When GRCh37 was released, the UCSC genome browser team performed the following adaptation to the sequences, and called the end result "hg19":
- The 24 "relatively complete" chromosomal sequences were given the names "chr1" to "chr22", "chrX" and "chrY".
- The GRCh37 mitochondrial sequence was not copied over. Instead, the UCSC genome browser team copied an older mitochondrial sequence from the previous release ("build 36"), and gave it the name "chrM".
- The unlocalized sequences were given custom names such as "chr1_gl000191_random" and "chr4_gl000194_random".
- The unplaced sequences were given custom names such as "chrUn_gl000221" and "chrUn_gl000241".
- The alternate loci were given custom names such as "chr6_apd_hap1" and "chr4_ctg9_hap1".
Unfortunately, the use of the non-GRCh37 mitochondrial sequence makes this incompatible with the actual GRCh37. Mappings or annotations that fall on the hg19 mitochondrial sequence cannot be easily transfered over to the GRCh37/b37 mitochondrial sequence.
Despite the nonstandard sequence naming, the stale mitochondrial sequence, and the inclusion of alternate loci (which is sometimes undesirable for read mapping), hg19 has gained popularity due to its exposure via the UCSC genome browser, and is often the convention used by vendors when reporting exome enrichment kit coordinates.

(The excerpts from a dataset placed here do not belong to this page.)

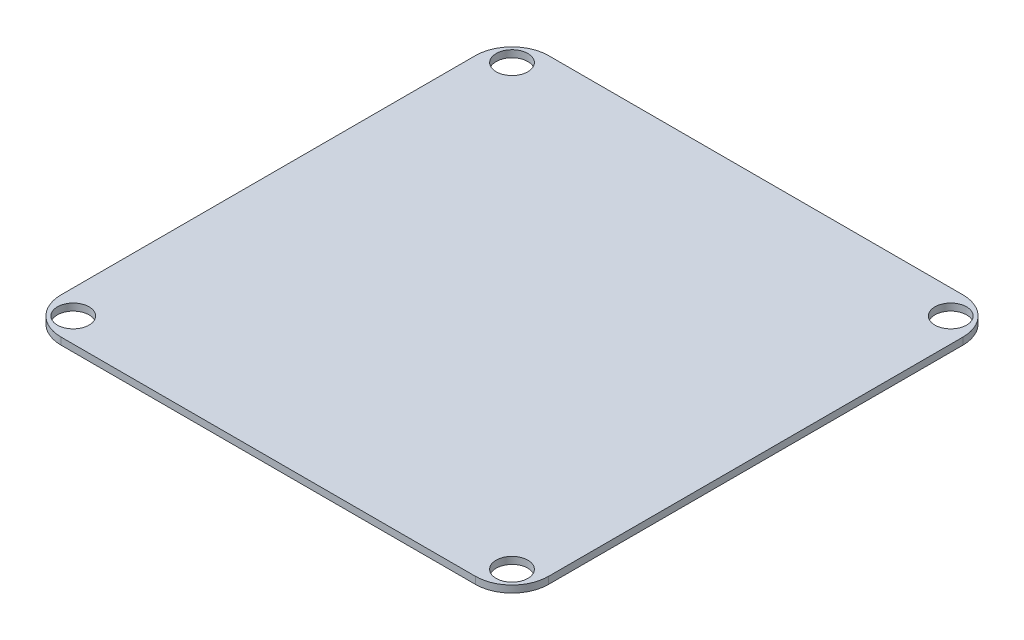
ISO-10303-21;
HEADER;
FILE_DESCRIPTION(('STEP AP214'),'2;1');
FILE_NAME('part.step','',(''),(''),'','','');
FILE_SCHEMA(('AUTOMOTIVE_DESIGN { 1 0 10303 214 1 1 1 1 }'));
ENDSEC;
DATA;
#1=APPLICATION_CONTEXT('core data for automotive mechanical design processes');
#2=APPLICATION_PROTOCOL_DEFINITION('international standard','automotive_design',2000,#1);
#3=PRODUCT_CONTEXT('',#1,'mechanical');
#4=PRODUCT('Part','Part','',(#3));
#5=PRODUCT_RELATED_PRODUCT_CATEGORY('part','',(#4));
#6=PRODUCT_DEFINITION_FORMATION('','',#4);
#7=PRODUCT_DEFINITION_CONTEXT('part definition',#1,'design');
#8=PRODUCT_DEFINITION('design','',#6,#7);
#9=PRODUCT_DEFINITION_SHAPE('','',#8);
#10=(LENGTH_UNIT() NAMED_UNIT(*) SI_UNIT(.MILLI.,.METRE.));
#11=(NAMED_UNIT(*) PLANE_ANGLE_UNIT() SI_UNIT($,.RADIAN.));
#12=(NAMED_UNIT(*) SI_UNIT($,.STERADIAN.) SOLID_ANGLE_UNIT());
#13=UNCERTAINTY_MEASURE_WITH_UNIT(LENGTH_MEASURE(1.E-05),#10,'distance_accuracy_value','');
#14=(GEOMETRIC_REPRESENTATION_CONTEXT(3) GLOBAL_UNCERTAINTY_ASSIGNED_CONTEXT((#13)) GLOBAL_UNIT_ASSIGNED_CONTEXT((#10,
#11,#12)) REPRESENTATION_CONTEXT('',''));
#15=CARTESIAN_POINT('',(0.,0.,0.));
#16=DIRECTION('',(0.,0.,1.));
#17=DIRECTION('',(1.,0.,0.));
#18=AXIS2_PLACEMENT_3D('',#15,#16,#17);
#19=CARTESIAN_POINT('',(-21.59,0.73152,21.59));
#20=DIRECTION('',(0.,-1.,0.));
#21=DIRECTION('',(0.,0.,-1.));
#22=AXIS2_PLACEMENT_3D('',#19,#20,#21);
#23=PLANE('',#22);
#24=CARTESIAN_POINT('',(-21.59,0.73152,21.59));
#25=DIRECTION('',(0.,1.,0.));
#26=DIRECTION('',(0.,0.,-1.));
#27=AXIS2_PLACEMENT_3D('',#24,#25,#26);
#28=CIRCLE('',#27,3.81);
#29=CARTESIAN_POINT('',(-25.4,0.73152,21.59));
#30=VERTEX_POINT('',#29);
#31=CARTESIAN_POINT('',(-21.59,0.73152,25.4));
#32=VERTEX_POINT('',#31);
#33=EDGE_CURVE('E145',#30,#32,#28,.T.);
#34=ORIENTED_EDGE('',*,*,#33,.T.);
#35=DIRECTION('',(1.,0.,0.));
#36=VECTOR('',#35,1.);
#37=CARTESIAN_POINT('',(-21.59,0.73152,25.4));
#38=LINE('',#37,#36);
#39=CARTESIAN_POINT('',(21.59,0.73152,25.4));
#40=VERTEX_POINT('',#39);
#41=EDGE_CURVE('E93',#32,#40,#38,.T.);
#42=ORIENTED_EDGE('',*,*,#41,.T.);
#43=CARTESIAN_POINT('',(21.59,0.73152,21.59));
#44=DIRECTION('',(0.,1.,0.));
#45=DIRECTION('',(0.,0.,-1.));
#46=AXIS2_PLACEMENT_3D('',#43,#44,#45);
#47=CIRCLE('',#46,3.81);
#48=CARTESIAN_POINT('',(25.4,0.73152,21.59));
#49=VERTEX_POINT('',#48);
#50=EDGE_CURVE('E160',#40,#49,#47,.T.);
#51=ORIENTED_EDGE('',*,*,#50,.T.);
#52=DIRECTION('',(0.,0.,-1.));
#53=VECTOR('',#52,1.);
#54=CARTESIAN_POINT('',(25.4,0.73152,-21.59));
#55=LINE('',#54,#53);
#56=CARTESIAN_POINT('',(25.4,0.73152,-21.59));
#57=VERTEX_POINT('',#56);
#58=EDGE_CURVE('E173',#49,#57,#55,.T.);
#59=ORIENTED_EDGE('',*,*,#58,.T.);
#60=CARTESIAN_POINT('',(21.59,0.73152,-21.59));
#61=DIRECTION('',(0.,1.,0.));
#62=DIRECTION('',(0.,0.,1.));
#63=AXIS2_PLACEMENT_3D('',#60,#61,#62);
#64=CIRCLE('',#63,3.81);
#65=CARTESIAN_POINT('',(21.59,0.73152,-25.4));
#66=VERTEX_POINT('',#65);
#67=EDGE_CURVE('E112',#57,#66,#64,.T.);
#68=ORIENTED_EDGE('',*,*,#67,.T.);
#69=DIRECTION('',(-1.,0.,0.));
#70=VECTOR('',#69,1.);
#71=CARTESIAN_POINT('',(-21.59,0.73152,-25.4));
#72=LINE('',#71,#70);
#73=CARTESIAN_POINT('',(-21.59,0.73152,-25.4));
#74=VERTEX_POINT('',#73);
#75=EDGE_CURVE('E106',#66,#74,#72,.T.);
#76=ORIENTED_EDGE('',*,*,#75,.T.);
#77=CARTESIAN_POINT('',(-21.59,0.73152,-21.59));
#78=DIRECTION('',(0.,1.,0.));
#79=DIRECTION('',(0.,0.,1.));
#80=AXIS2_PLACEMENT_3D('',#77,#78,#79);
#81=CIRCLE('',#80,3.81);
#82=CARTESIAN_POINT('',(-25.4,0.73152,-21.59));
#83=VERTEX_POINT('',#82);
#84=EDGE_CURVE('E110',#74,#83,#81,.T.);
#85=ORIENTED_EDGE('',*,*,#84,.T.);
#86=DIRECTION('',(0.,0.,1.));
#87=VECTOR('',#86,1.);
#88=CARTESIAN_POINT('',(-25.4,0.73152,-21.59));
#89=LINE('',#88,#87);
#90=EDGE_CURVE('E50',#83,#30,#89,.T.);
#91=ORIENTED_EDGE('',*,*,#90,.T.);
#92=EDGE_LOOP('',(#34,#42,#51,#59,#68,#76,#85,#91));
#93=FACE_BOUND('',#92,.T.);
#94=CARTESIAN_POINT('',(-22.86,0.73152,-22.86));
#95=DIRECTION('',(0.,1.,0.));
#96=DIRECTION('',(0.,0.,1.));
#97=AXIS2_PLACEMENT_3D('',#94,#95,#96);
#98=CIRCLE('',#97,1.651);
#99=CARTESIAN_POINT('',(-22.86,0.73152,-21.209));
#100=VERTEX_POINT('',#99);
#101=EDGE_CURVE('E134',#100,#100,#98,.T.);
#102=ORIENTED_EDGE('',*,*,#101,.F.);
#103=EDGE_LOOP('',(#102));
#104=FACE_BOUND('',#103,.T.);
#105=CARTESIAN_POINT('',(22.86,0.73152,-22.86));
#106=DIRECTION('',(0.,1.,0.));
#107=DIRECTION('',(0.,0.,1.));
#108=AXIS2_PLACEMENT_3D('',#105,#106,#107);
#109=CIRCLE('',#108,1.651);
#110=CARTESIAN_POINT('',(22.86,0.73152,-21.209));
#111=VERTEX_POINT('',#110);
#112=EDGE_CURVE('E182',#111,#111,#109,.T.);
#113=ORIENTED_EDGE('',*,*,#112,.F.);
#114=EDGE_LOOP('',(#113));
#115=FACE_BOUND('',#114,.T.);
#116=CARTESIAN_POINT('',(22.86,0.73152,22.86));
#117=DIRECTION('',(0.,1.,0.));
#118=DIRECTION('',(0.,0.,1.));
#119=AXIS2_PLACEMENT_3D('',#116,#117,#118);
#120=CIRCLE('',#119,1.651);
#121=CARTESIAN_POINT('',(22.86,0.73152,24.511));
#122=VERTEX_POINT('',#121);
#123=EDGE_CURVE('E188',#122,#122,#120,.T.);
#124=ORIENTED_EDGE('',*,*,#123,.F.);
#125=EDGE_LOOP('',(#124));
#126=FACE_BOUND('',#125,.T.);
#127=CARTESIAN_POINT('',(-22.86,0.73152,22.86));
#128=DIRECTION('',(0.,1.,0.));
#129=DIRECTION('',(0.,0.,1.));
#130=AXIS2_PLACEMENT_3D('',#127,#128,#129);
#131=CIRCLE('',#130,1.651);
#132=CARTESIAN_POINT('',(-22.86,0.73152,24.511));
#133=VERTEX_POINT('',#132);
#134=EDGE_CURVE('E194',#133,#133,#131,.T.);
#135=ORIENTED_EDGE('',*,*,#134,.F.);
#136=EDGE_LOOP('',(#135));
#137=FACE_BOUND('',#136,.T.);
#138=ADVANCED_FACE('F33',(#93,#104,#115,#126,#137),#23,.F.);
#139=CARTESIAN_POINT('',(-21.59,0.,21.59));
#140=DIRECTION('',(0.,-1.,0.));
#141=DIRECTION('',(0.,0.,-1.));
#142=AXIS2_PLACEMENT_3D('',#139,#140,#141);
#143=PLANE('',#142);
#144=CARTESIAN_POINT('',(22.86,0.,22.86));
#145=DIRECTION('',(0.,1.,0.));
#146=DIRECTION('',(0.,0.,1.));
#147=AXIS2_PLACEMENT_3D('',#144,#145,#146);
#148=CIRCLE('',#147,1.651);
#149=CARTESIAN_POINT('',(22.86,0.,24.511));
#150=VERTEX_POINT('',#149);
#151=EDGE_CURVE('E191',#150,#150,#148,.T.);
#152=ORIENTED_EDGE('',*,*,#151,.T.);
#153=EDGE_LOOP('',(#152));
#154=FACE_BOUND('',#153,.T.);
#155=CARTESIAN_POINT('',(-22.86,0.,-22.86));
#156=DIRECTION('',(0.,1.,0.));
#157=DIRECTION('',(0.,0.,1.));
#158=AXIS2_PLACEMENT_3D('',#155,#156,#157);
#159=CIRCLE('',#158,1.651);
#160=CARTESIAN_POINT('',(-22.86,0.,-21.209));
#161=VERTEX_POINT('',#160);
#162=EDGE_CURVE('E179',#161,#161,#159,.T.);
#163=ORIENTED_EDGE('',*,*,#162,.T.);
#164=EDGE_LOOP('',(#163));
#165=FACE_BOUND('',#164,.T.);
#166=CARTESIAN_POINT('',(-21.59,0.,21.59));
#167=DIRECTION('',(0.,1.,0.));
#168=DIRECTION('',(0.,0.,-1.));
#169=AXIS2_PLACEMENT_3D('',#166,#167,#168);
#170=CIRCLE('',#169,3.81);
#171=CARTESIAN_POINT('',(-25.4,0.,21.59));
#172=VERTEX_POINT('',#171);
#173=CARTESIAN_POINT('',(-21.59,0.,25.4));
#174=VERTEX_POINT('',#173);
#175=EDGE_CURVE('E130',#172,#174,#170,.T.);
#176=ORIENTED_EDGE('',*,*,#175,.F.);
#177=DIRECTION('',(0.,0.,1.));
#178=VECTOR('',#177,1.);
#179=CARTESIAN_POINT('',(-25.4,0.,-21.59));
#180=LINE('',#179,#178);
#181=CARTESIAN_POINT('',(-25.4,0.,-21.59));
#182=VERTEX_POINT('',#181);
#183=EDGE_CURVE('E85',#182,#172,#180,.T.);
#184=ORIENTED_EDGE('',*,*,#183,.F.);
#185=CARTESIAN_POINT('',(-21.59,0.,-21.59));
#186=DIRECTION('',(0.,1.,0.));
#187=DIRECTION('',(0.,0.,1.));
#188=AXIS2_PLACEMENT_3D('',#185,#186,#187);
#189=CIRCLE('',#188,3.81);
#190=CARTESIAN_POINT('',(-21.59,0.,-25.4));
#191=VERTEX_POINT('',#190);
#192=EDGE_CURVE('E79',#191,#182,#189,.T.);
#193=ORIENTED_EDGE('',*,*,#192,.F.);
#194=DIRECTION('',(-1.,0.,0.));
#195=VECTOR('',#194,1.);
#196=CARTESIAN_POINT('',(-21.59,0.,-25.4));
#197=LINE('',#196,#195);
#198=CARTESIAN_POINT('',(21.59,0.,-25.4));
#199=VERTEX_POINT('',#198);
#200=EDGE_CURVE('E120',#199,#191,#197,.T.);
#201=ORIENTED_EDGE('',*,*,#200,.F.);
#202=CARTESIAN_POINT('',(21.59,0.,-21.59));
#203=DIRECTION('',(0.,1.,0.));
#204=DIRECTION('',(0.,0.,1.));
#205=AXIS2_PLACEMENT_3D('',#202,#203,#204);
#206=CIRCLE('',#205,3.81);
#207=CARTESIAN_POINT('',(25.4,0.,-21.59));
#208=VERTEX_POINT('',#207);
#209=EDGE_CURVE('E140',#208,#199,#206,.T.);
#210=ORIENTED_EDGE('',*,*,#209,.F.);
#211=DIRECTION('',(0.,0.,-1.));
#212=VECTOR('',#211,1.);
#213=CARTESIAN_POINT('',(25.4,0.,-21.59));
#214=LINE('',#213,#212);
#215=CARTESIAN_POINT('',(25.4,0.,21.59));
#216=VERTEX_POINT('',#215);
#217=EDGE_CURVE('E138',#216,#208,#214,.T.);
#218=ORIENTED_EDGE('',*,*,#217,.F.);
#219=CARTESIAN_POINT('',(21.59,0.,21.59));
#220=DIRECTION('',(0.,1.,0.));
#221=DIRECTION('',(0.,0.,-1.));
#222=AXIS2_PLACEMENT_3D('',#219,#220,#221);
#223=CIRCLE('',#222,3.81);
#224=CARTESIAN_POINT('',(21.59,0.,25.4));
#225=VERTEX_POINT('',#224);
#226=EDGE_CURVE('E136',#225,#216,#223,.T.);
#227=ORIENTED_EDGE('',*,*,#226,.F.);
#228=DIRECTION('',(1.,0.,0.));
#229=VECTOR('',#228,1.);
#230=CARTESIAN_POINT('',(-21.59,0.,25.4));
#231=LINE('',#230,#229);
#232=EDGE_CURVE('E133',#174,#225,#231,.T.);
#233=ORIENTED_EDGE('',*,*,#232,.F.);
#234=EDGE_LOOP('',(#176,#184,#193,#201,#210,#218,#227,#233));
#235=FACE_BOUND('',#234,.T.);
#236=CARTESIAN_POINT('',(22.86,0.,-22.86));
#237=DIRECTION('',(0.,1.,0.));
#238=DIRECTION('',(0.,0.,1.));
#239=AXIS2_PLACEMENT_3D('',#236,#237,#238);
#240=CIRCLE('',#239,1.651);
#241=CARTESIAN_POINT('',(22.86,0.,-21.209));
#242=VERTEX_POINT('',#241);
#243=EDGE_CURVE('E185',#242,#242,#240,.T.);
#244=ORIENTED_EDGE('',*,*,#243,.T.);
#245=EDGE_LOOP('',(#244));
#246=FACE_BOUND('',#245,.T.);
#247=CARTESIAN_POINT('',(-22.86,0.,22.86));
#248=DIRECTION('',(0.,1.,0.));
#249=DIRECTION('',(0.,0.,1.));
#250=AXIS2_PLACEMENT_3D('',#247,#248,#249);
#251=CIRCLE('',#250,1.651);
#252=CARTESIAN_POINT('',(-22.86,0.,24.511));
#253=VERTEX_POINT('',#252);
#254=EDGE_CURVE('E197',#253,#253,#251,.T.);
#255=ORIENTED_EDGE('',*,*,#254,.T.);
#256=EDGE_LOOP('',(#255));
#257=FACE_BOUND('',#256,.T.);
#258=ADVANCED_FACE('F164',(#154,#165,#235,#246,#257),#143,.T.);
#259=CARTESIAN_POINT('',(-21.59,0.73152,21.59));
#260=DIRECTION('',(0.,-1.,0.));
#261=DIRECTION('',(0.,0.,-1.));
#262=AXIS2_PLACEMENT_3D('',#259,#260,#261);
#263=CYLINDRICAL_SURFACE('',#262,3.81);
#264=ORIENTED_EDGE('',*,*,#175,.T.);
#265=DIRECTION('',(0.,-1.,0.));
#266=VECTOR('',#265,1.);
#267=CARTESIAN_POINT('',(-21.59,0.73152,25.4));
#268=LINE('',#267,#266);
#269=EDGE_CURVE('E11',#32,#174,#268,.T.);
#270=ORIENTED_EDGE('',*,*,#269,.F.);
#271=ORIENTED_EDGE('',*,*,#33,.F.);
#272=DIRECTION('',(0.,-1.,0.));
#273=VECTOR('',#272,1.);
#274=CARTESIAN_POINT('',(-25.4,0.73152,21.59));
#275=LINE('',#274,#273);
#276=EDGE_CURVE('E126',#30,#172,#275,.T.);
#277=ORIENTED_EDGE('',*,*,#276,.T.);
#278=EDGE_LOOP('',(#264,#270,#271,#277));
#279=FACE_BOUND('',#278,.T.);
#280=ADVANCED_FACE('F35',(#279),#263,.T.);
#281=CARTESIAN_POINT('',(-21.59,0.73152,25.4));
#282=DIRECTION('',(0.,0.,-1.));
#283=DIRECTION('',(-1.,0.,0.));
#284=AXIS2_PLACEMENT_3D('',#281,#282,#283);
#285=PLANE('',#284);
#286=ORIENTED_EDGE('',*,*,#232,.T.);
#287=DIRECTION('',(0.,-1.,0.));
#288=VECTOR('',#287,1.);
#289=CARTESIAN_POINT('',(21.59,0.73152,25.4));
#290=LINE('',#289,#288);
#291=EDGE_CURVE('E42',#40,#225,#290,.T.);
#292=ORIENTED_EDGE('',*,*,#291,.F.);
#293=ORIENTED_EDGE('',*,*,#41,.F.);
#294=ORIENTED_EDGE('',*,*,#269,.T.);
#295=EDGE_LOOP('',(#286,#292,#293,#294));
#296=FACE_BOUND('',#295,.T.);
#297=ADVANCED_FACE('F229',(#296),#285,.F.);
#298=CARTESIAN_POINT('',(21.59,0.73152,21.59));
#299=DIRECTION('',(0.,-1.,0.));
#300=DIRECTION('',(0.,0.,-1.));
#301=AXIS2_PLACEMENT_3D('',#298,#299,#300);
#302=CYLINDRICAL_SURFACE('',#301,3.81);
#303=ORIENTED_EDGE('',*,*,#226,.T.);
#304=DIRECTION('',(0.,-1.,0.));
#305=VECTOR('',#304,1.);
#306=CARTESIAN_POINT('',(25.4,0.73152,21.59));
#307=LINE('',#306,#305);
#308=EDGE_CURVE('E152',#49,#216,#307,.T.);
#309=ORIENTED_EDGE('',*,*,#308,.F.);
#310=ORIENTED_EDGE('',*,*,#50,.F.);
#311=ORIENTED_EDGE('',*,*,#291,.T.);
#312=EDGE_LOOP('',(#303,#309,#310,#311));
#313=FACE_BOUND('',#312,.T.);
#314=ADVANCED_FACE('F158',(#313),#302,.T.);
#315=CARTESIAN_POINT('',(25.4,0.73152,-21.59));
#316=DIRECTION('',(-1.,0.,0.));
#317=DIRECTION('',(0.,0.,1.));
#318=AXIS2_PLACEMENT_3D('',#315,#316,#317);
#319=PLANE('',#318);
#320=ORIENTED_EDGE('',*,*,#217,.T.);
#321=DIRECTION('',(0.,-1.,0.));
#322=VECTOR('',#321,1.);
#323=CARTESIAN_POINT('',(25.4,0.73152,-21.59));
#324=LINE('',#323,#322);
#325=EDGE_CURVE('E149',#57,#208,#324,.T.);
#326=ORIENTED_EDGE('',*,*,#325,.F.);
#327=ORIENTED_EDGE('',*,*,#58,.F.);
#328=ORIENTED_EDGE('',*,*,#308,.T.);
#329=EDGE_LOOP('',(#320,#326,#327,#328));
#330=FACE_BOUND('',#329,.T.);
#331=ADVANCED_FACE('F169',(#330),#319,.F.);
#332=CARTESIAN_POINT('',(21.59,0.73152,-21.59));
#333=DIRECTION('',(0.,-1.,0.));
#334=DIRECTION('',(0.,0.,-1.));
#335=AXIS2_PLACEMENT_3D('',#332,#333,#334);
#336=CYLINDRICAL_SURFACE('',#335,3.81);
#337=ORIENTED_EDGE('',*,*,#209,.T.);
#338=DIRECTION('',(0.,-1.,0.));
#339=VECTOR('',#338,1.);
#340=CARTESIAN_POINT('',(21.59,0.73152,-25.4));
#341=LINE('',#340,#339);
#342=EDGE_CURVE('E121',#66,#199,#341,.T.);
#343=ORIENTED_EDGE('',*,*,#342,.F.);
#344=ORIENTED_EDGE('',*,*,#67,.F.);
#345=ORIENTED_EDGE('',*,*,#325,.T.);
#346=EDGE_LOOP('',(#337,#343,#344,#345));
#347=FACE_BOUND('',#346,.T.);
#348=ADVANCED_FACE('F172',(#347),#336,.T.);
#349=CARTESIAN_POINT('',(-21.59,0.73152,-25.4));
#350=DIRECTION('',(0.,0.,1.));
#351=DIRECTION('',(1.,0.,0.));
#352=AXIS2_PLACEMENT_3D('',#349,#350,#351);
#353=PLANE('',#352);
#354=ORIENTED_EDGE('',*,*,#200,.T.);
#355=DIRECTION('',(0.,-1.,0.));
#356=VECTOR('',#355,1.);
#357=CARTESIAN_POINT('',(-21.59,0.73152,-25.4));
#358=LINE('',#357,#356);
#359=EDGE_CURVE('E117',#74,#191,#358,.T.);
#360=ORIENTED_EDGE('',*,*,#359,.F.);
#361=ORIENTED_EDGE('',*,*,#75,.F.);
#362=ORIENTED_EDGE('',*,*,#342,.T.);
#363=EDGE_LOOP('',(#354,#360,#361,#362));
#364=FACE_BOUND('',#363,.T.);
#365=ADVANCED_FACE('F118',(#364),#353,.F.);
#366=CARTESIAN_POINT('',(-21.59,0.73152,-21.59));
#367=DIRECTION('',(0.,-1.,0.));
#368=DIRECTION('',(0.,0.,-1.));
#369=AXIS2_PLACEMENT_3D('',#366,#367,#368);
#370=CYLINDRICAL_SURFACE('',#369,3.81);
#371=ORIENTED_EDGE('',*,*,#192,.T.);
#372=DIRECTION('',(0.,-1.,0.));
#373=VECTOR('',#372,1.);
#374=CARTESIAN_POINT('',(-25.4,0.73152,-21.59));
#375=LINE('',#374,#373);
#376=EDGE_CURVE('E122',#83,#182,#375,.T.);
#377=ORIENTED_EDGE('',*,*,#376,.F.);
#378=ORIENTED_EDGE('',*,*,#84,.F.);
#379=ORIENTED_EDGE('',*,*,#359,.T.);
#380=EDGE_LOOP('',(#371,#377,#378,#379));
#381=FACE_BOUND('',#380,.T.);
#382=ADVANCED_FACE('F124',(#381),#370,.T.);
#383=CARTESIAN_POINT('',(-25.4,0.73152,-21.59));
#384=DIRECTION('',(1.,0.,0.));
#385=DIRECTION('',(0.,0.,-1.));
#386=AXIS2_PLACEMENT_3D('',#383,#384,#385);
#387=PLANE('',#386);
#388=ORIENTED_EDGE('',*,*,#183,.T.);
#389=ORIENTED_EDGE('',*,*,#276,.F.);
#390=ORIENTED_EDGE('',*,*,#90,.F.);
#391=ORIENTED_EDGE('',*,*,#376,.T.);
#392=EDGE_LOOP('',(#388,#389,#390,#391));
#393=FACE_BOUND('',#392,.T.);
#394=ADVANCED_FACE('F217',(#393),#387,.F.);
#395=CARTESIAN_POINT('',(-22.86,0.73152,-22.86));
#396=DIRECTION('',(0.,-1.,0.));
#397=DIRECTION('',(0.,0.,-1.));
#398=AXIS2_PLACEMENT_3D('',#395,#396,#397);
#399=CYLINDRICAL_SURFACE('',#398,1.651);
#400=ORIENTED_EDGE('',*,*,#101,.T.);
#401=EDGE_LOOP('',(#400));
#402=FACE_BOUND('',#401,.T.);
#403=ORIENTED_EDGE('',*,*,#162,.F.);
#404=EDGE_LOOP('',(#403));
#405=FACE_BOUND('',#404,.T.);
#406=ADVANCED_FACE('F214',(#402,#405),#399,.F.);
#407=CARTESIAN_POINT('',(22.86,0.73152,-22.86));
#408=DIRECTION('',(0.,-1.,0.));
#409=DIRECTION('',(0.,0.,-1.));
#410=AXIS2_PLACEMENT_3D('',#407,#408,#409);
#411=CYLINDRICAL_SURFACE('',#410,1.651);
#412=ORIENTED_EDGE('',*,*,#112,.T.);
#413=EDGE_LOOP('',(#412));
#414=FACE_BOUND('',#413,.T.);
#415=ORIENTED_EDGE('',*,*,#243,.F.);
#416=EDGE_LOOP('',(#415));
#417=FACE_BOUND('',#416,.T.);
#418=ADVANCED_FACE('F293',(#414,#417),#411,.F.);
#419=CARTESIAN_POINT('',(22.86,0.73152,22.86));
#420=DIRECTION('',(0.,-1.,0.));
#421=DIRECTION('',(0.,0.,-1.));
#422=AXIS2_PLACEMENT_3D('',#419,#420,#421);
#423=CYLINDRICAL_SURFACE('',#422,1.651);
#424=ORIENTED_EDGE('',*,*,#123,.T.);
#425=EDGE_LOOP('',(#424));
#426=FACE_BOUND('',#425,.T.);
#427=ORIENTED_EDGE('',*,*,#151,.F.);
#428=EDGE_LOOP('',(#427));
#429=FACE_BOUND('',#428,.T.);
#430=ADVANCED_FACE('F301',(#426,#429),#423,.F.);
#431=CARTESIAN_POINT('',(-22.86,0.73152,22.86));
#432=DIRECTION('',(0.,-1.,0.));
#433=DIRECTION('',(0.,0.,-1.));
#434=AXIS2_PLACEMENT_3D('',#431,#432,#433);
#435=CYLINDRICAL_SURFACE('',#434,1.651);
#436=ORIENTED_EDGE('',*,*,#134,.T.);
#437=EDGE_LOOP('',(#436));
#438=FACE_BOUND('',#437,.T.);
#439=ORIENTED_EDGE('',*,*,#254,.F.);
#440=EDGE_LOOP('',(#439));
#441=FACE_BOUND('',#440,.T.);
#442=ADVANCED_FACE('F203',(#438,#441),#435,.F.);
#443=CLOSED_SHELL('',(#138,#258,#280,#297,#314,#331,#348,#365,#382,#394,#406,#418,#430,#442));
#444=MANIFOLD_SOLID_BREP('B2',#443);
#445=ADVANCED_BREP_SHAPE_REPRESENTATION('',(#18,#444),#14);
#446=SHAPE_DEFINITION_REPRESENTATION(#9,#445);
ENDSEC;
END-ISO-10303-21;

The "b37+decoy" / "hs37d5" extensions (by the 1000 Genomes Project Phase II).
In its second phase, the 1000 Genomes Project extended the b37 dataset with additional sequences:
- A human herpesvirus 4 type 1 sequence (named "NC_007605").
- A "decoy" sequence derived from HuRef, human BAC and Fosmid clones, and NA12878 (named "hs37d5").
In addition, the pseudo-autosomal regions (PAR) of chromosome Y have been masked out (replaced with "N"), so that the respective regions
in chromosome X may be treated as diploid.
Collectively these changes make this set of sequences optimal for read mapping and variation calling, as they decrease false positives, while being generally compatible with b37. More information can be found at ftp://ftp.1000genomes.ebi.ac.uk/vol1/ftp/technical/reference/phase2_reference_assembly_sequence/hs37d5.slides.pdf
The "Ion Torrent hg19".
The Torrent Suite software (which Ion Torrent makes available for their instruments) allows downloading of a particular human reference genome from the Ion Torrent servers. Ion Torrent calls it "hg19", but it has distinct differences from the UCSC hg19. In particular, it uses the UCSC naming conventions ("chr1" to "chr22", "chrX", "chrY", "chrM"), but has replaced the stale UCSC hg19 mitochondrial sequence with the newer GRCh37 one. This renders the general rule of "chrM refers to the old mitochondria, and MT refers to the new mitochondria" as invalid, because now there is a sequence named "chrM" which refers to the new mitochondria. More information can be found at http://ioncommunity.lifetechnologies.com/docs/DOC-9318
Which human sequence should one use?
The 1000 Genomes Phase II (hs37d5) sequence is particularly preferred when read mapping is performed. It leads to better mapping quality due to masking of PAR regions in chromosome Y and the addition of the decoy sequences, while being compatible with b37, GATK, and IGV.